Poker and the Law: Is it a Game of Skill or Chance?

The parameters of legal poker playing  are still  unclear.  On November 2, 2005, Baltimore police  raided the Owl’s Nest, a private club, and charged 80 Texas Hold’Em players with illegal gambling and seized over $ 25,000 cash and over $ 16,000 cash and over $ 16,000 in poker chips.  It may have been the largest raid since prohibition era.  A Vice detective opined that the players, “could receive a year in jail or a $ 1,200 fine.”  Fortunately for the players the charges were dismissed because the police had used the wrong statute.”

     

In contrast, California allows local governments to regulate and tax its approximate 94 cards rooms.”  The games are essentially pari-mutuel events, unlike banked games.  Parts of the California regulatory process might seem to border on the absurd, e.g. poker operators may only take money out of a pot (“rake the pot”) three times.  A North Dakota bill would have amended the law so that “gambling does not include: (a) lawful contests of skill, including Internet live poker..”
      Presently, there are two major cases before the courts on whether poker is primarily a game of skill, and if so, is it prohibited by law.  One case is on appeal in North Carolina and the other is before an English court.  On November 15, 2004, the Joker Club, LLC, sought  a declaratory judgment  (4 CVS 6034) in a North Carolina Superior Court  on whether poker was a game of skill, which in the opinion of its attorneys would make it legal since North Carolina law only prohibits games of chance.vi  The Joker club had leased facilities for poker games, but claimed it could not open for business until received a favorable court ruling.”

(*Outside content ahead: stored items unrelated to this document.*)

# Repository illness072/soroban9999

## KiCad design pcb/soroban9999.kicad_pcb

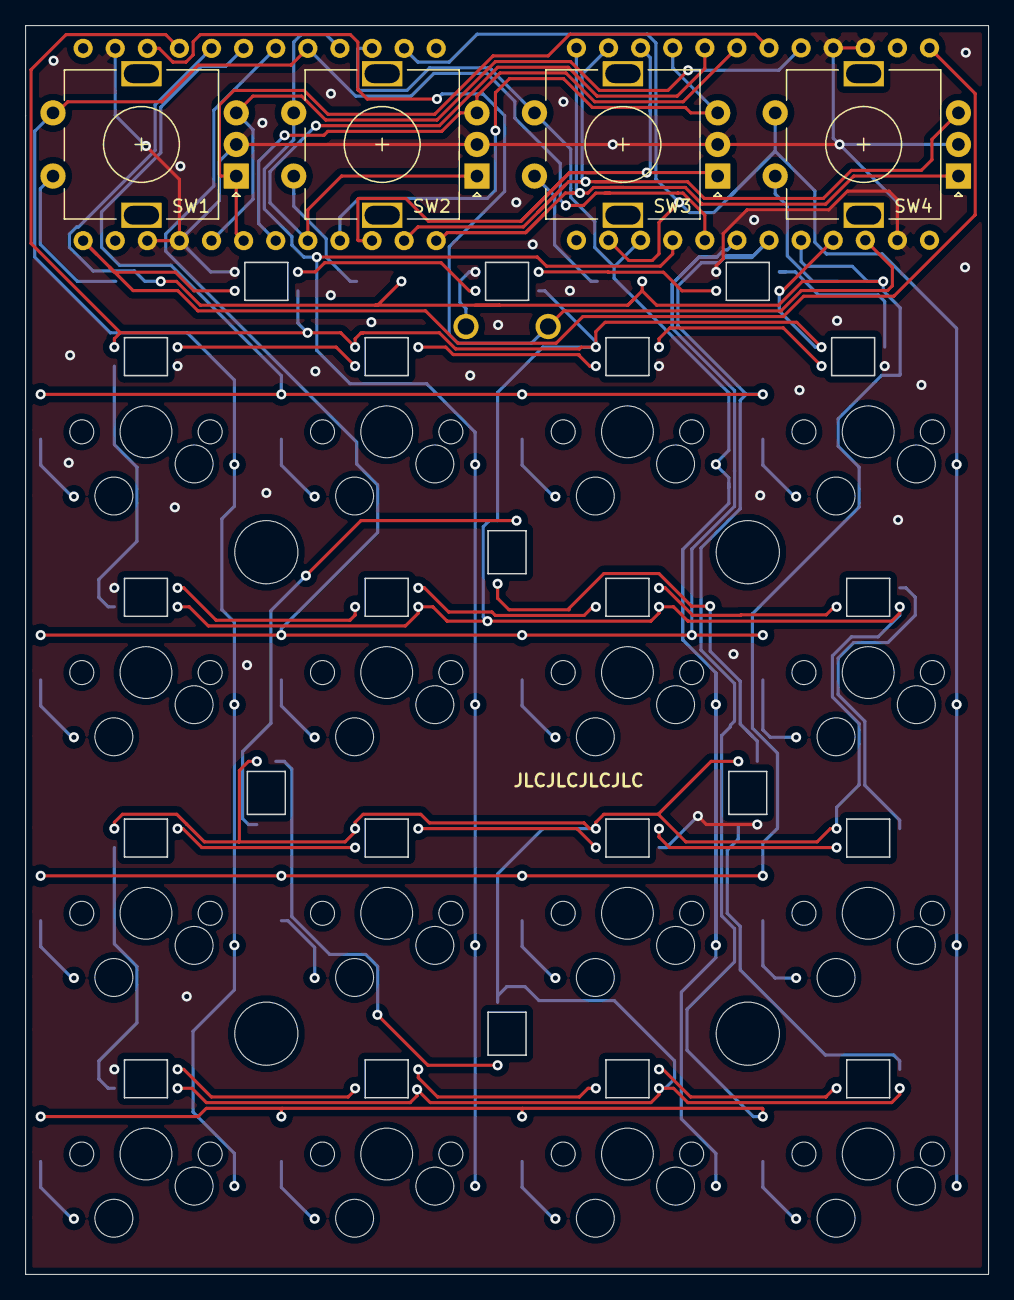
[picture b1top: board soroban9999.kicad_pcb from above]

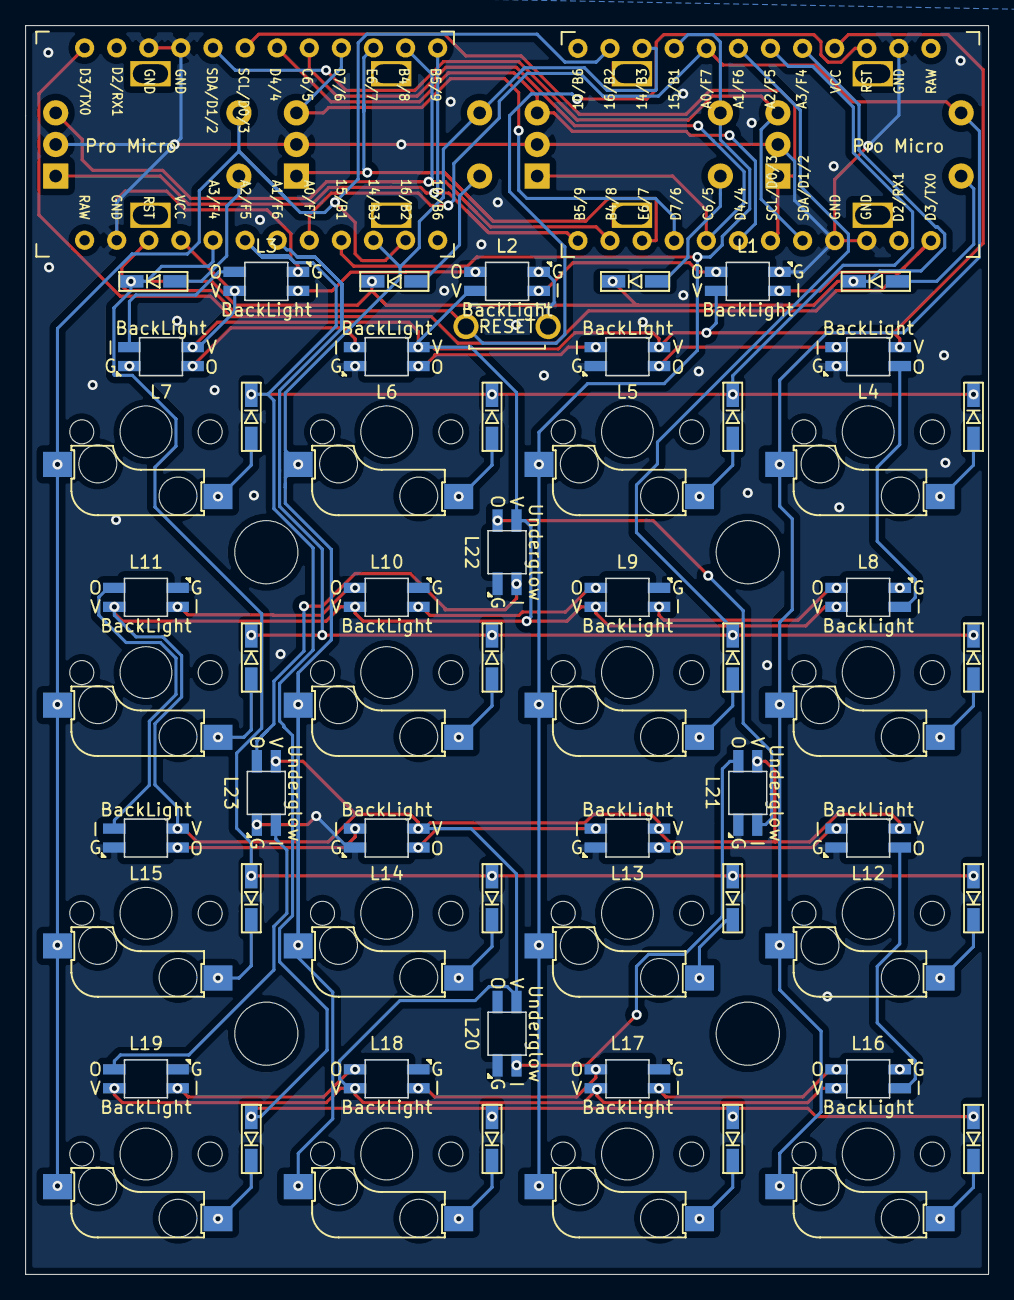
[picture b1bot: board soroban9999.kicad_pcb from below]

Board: 2 copper layers, 76.1 x 98.8 mm, 66 parts (46 on the bottom side), 61 nets.

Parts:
D1, D2, D3, D4, D5, D6, D7, D8, D9, D10, D11, D12, D13, D14, D15, D16, D17, D18, D19, D20: D; D3_SMD_v2
L1, L2, L3, L4, L5, L6, L7, L8, L9, L10, L11, L12, L13, L14, L15, L16, L17, L18, L19: YS-SK6812mini-E; YS-SK6812MINI-E
L20, L21, L22, L23: YS-SK6812mini-E; YS-SK6812MINI-E-underglow
R_SW1: SW_PUSH; ResetSW_1side
SW1, SW2, SW3, SW4: Rotary_Encoder_Switch; RotaryEncoder_Alps_EC11E-Switch_Vertical_H20mm
SW5, SW6, SW7, SW8, SW9, SW10, SW11, SW12, SW13, SW14, SW15, SW16, SW17, SW18, SW19, SW20: SW_PUSH; CherryMX_Hotswap
U1, U2: ProMicro; ProMicro_v3

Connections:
C0: SW1.S1, SW5.1, SW9.1, SW13.1, SW17.1, U1.17, U2.17
C1: SW2.S1, SW6.1, SW10.1, SW14.1, SW18.1, U1.16, U2.16
C2: SW3.S1, SW7.1, SW11.1, SW15.1, SW19.1, U1.15, U2.15
C3: SW4.S1, SW8.1, SW12.1, SW16.1, SW20.1, U1.14, U2.14
E0L: SW1.A, U1.6, U2.6
E0R: SW1.B, U1.5, U2.5
E1L: SW2.A, U1.8, U2.8
E1R: SW2.B, U1.7, U2.7
E2L: SW3.A, U1.10, U2.10
E2R: SW3.B, U1.9, U2.9
E3L: SW4.A, U1.12, U2.12
E3R: SW4.B, U1.11, U2.11
GND: L1.3, L2.3, L3.3, L4.3, L5.3, L6.3, L7.3, L8.3, L9.3, L10.3, L11.3, L12.3, L13.3, L14.3, L15.3, L16.3, L17.3, L18.3, L19.3, L20.3, L21.3, L22.3, L23.3, R_SW1.2, SW1.C, SW2.C, SW3.C, SW4.C, U1.3, U1.4, U1.23, U2.3, U2.4, U2.23
LED: L1.4, U1.1, U2.1
unnamed: D1.2, SW1.S2
unnamed: D2.2, SW2.S2
unnamed: D3.2, SW3.S2
unnamed: D4.2, SW4.S2
unnamed: D5.2, SW5.2
unnamed: D6.2, SW6.2
unnamed: D7.2, SW7.2
unnamed: D8.2, SW8.2
unnamed: D9.2, SW9.2
unnamed: D10.2, SW10.2
unnamed: D11.2, SW11.2
unnamed: D12.2, SW12.2
unnamed: D13.1, SW13.2
unnamed: D14.1, SW14.2
unnamed: D15.1, SW15.2
unnamed: D16.1, SW16.2
unnamed: D17.1, SW17.2
unnamed: D18.1, SW18.2
unnamed: D19.1, SW19.2
unnamed: D20.1, SW20.2
unnamed: L1.2, L2.4
unnamed: L2.2, L3.4
unnamed: L3.2, L7.4
unnamed: L4.2, L8.4
unnamed: L4.4, L5.2
unnamed: L5.4, L6.2
unnamed: L6.4, L7.2
unnamed: L8.2, L9.4
unnamed: L10.2, L11.4
unnamed: L9.2, L10.4
unnamed: L11.2, L15.4
unnamed: L12.2, L16.4
unnamed: L12.4, L13.2
unnamed: L13.4, L14.2
unnamed: L14.4, L15.2
unnamed: L16.2, L17.4
unnamed: L17.2, L18.4
unnamed: L18.2, L19.4
unnamed: L19.2, L23.4
unnamed: L20.4, L21.2
unnamed: L21.4, L22.2
unnamed: L22.4, L23.2
R0: D1.1, D2.1, D3.1, D4.1, D13.2, D14.2, D15.2, D16.2, U1.20, U2.20
R1: D5.1, D6.1, D7.1, D8.1, D17.2, D18.2, D19.2, D20.2, U1.19, U2.19
R2: D9.1, D10.1, D11.1, D12.1, U1.18, U2.18
RST: R_SW1.1, U1.22, U2.22
VCC: L1.1, L2.1, L3.1, L4.1, L5.1, L6.1, L7.1, L8.1, L9.1, L10.1, L11.1, L12.1, L13.1, L14.1, L15.1, L16.1, L17.1, L18.1, L19.1, L20.1, L21.1, L22.1, L23.1, U1.21, U2.21

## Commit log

2021-05-04 add some datas
2022-05-14 Add plate data for Yusha-Kobo laser cut
2022-05-15 Fix plate data
2022-05-16 Add plate data for Yusha-Kobo laser cut (#1)
    * Add plate data for Yusha-Kobo laser cut
    * Fix plate data

      The defendant, James Hardin, then the county district attorney, responded to the inquiry by the attorney for the Joker Club by stating that poker “does not comply with North Carolina law”  and that even if it were a game of skill, “that’s [prohibited] gambling in North Carolina.” Hardin also stated that even poker games at a player’s home were “illegal technically speaking.” 
      If a complaint were filed with, say, the Durham Sheriff’s Department  and they went to a location and found folks playing cards for money, they would be subject to arrest under our law.  Now what’s the probability of that happening?”
      The Attorney Generals Office of North Carolina, representing Hardin, filed a motion to dismiss for failure to state a cause of action.  He also stated:
      We’re not talking about shuffleboard here, ..We’re not talking about archery.  Poker is simply not legal The turn of a card is what settles it all.  The best player in the world can get beat by an amateur.  Chance predominates.  Chance overwhelms skill…

The cards are dealt face down.  You can be as skilled as possible.  You can do all the statistical analyses.  But chance predominates when  you flip the card over.  It’s just that simple.  You can’t will the card to be an ace when it’s a deuce.”
      North Carolina law  concerning poker and skill was unclear.  N.C.G. Stat.§14-292 states: “any person or organization that operates any game of chance or any person who plays at or bets on any game of chance at which any money, property or other thing of value is bet, where the same be in stake or not, shall be guilty of a Class 2  misdemeanor.”  Case law had long required that a gambling violation required proof for a conviction that chance alone or that chance predominated over skill.  In State v. Eisen,”  the North Carolina  appellate court concluded that blackjack as a matter of law could not be considered a game where skill predominated over chance.  “Whether blackjack as described in the evidence was a game of chance or one of skill was a question for the jury to decide from the evidence..”  The court did opine that “the element of chance clearly dominates the element of skill.”  In Collins Music Co.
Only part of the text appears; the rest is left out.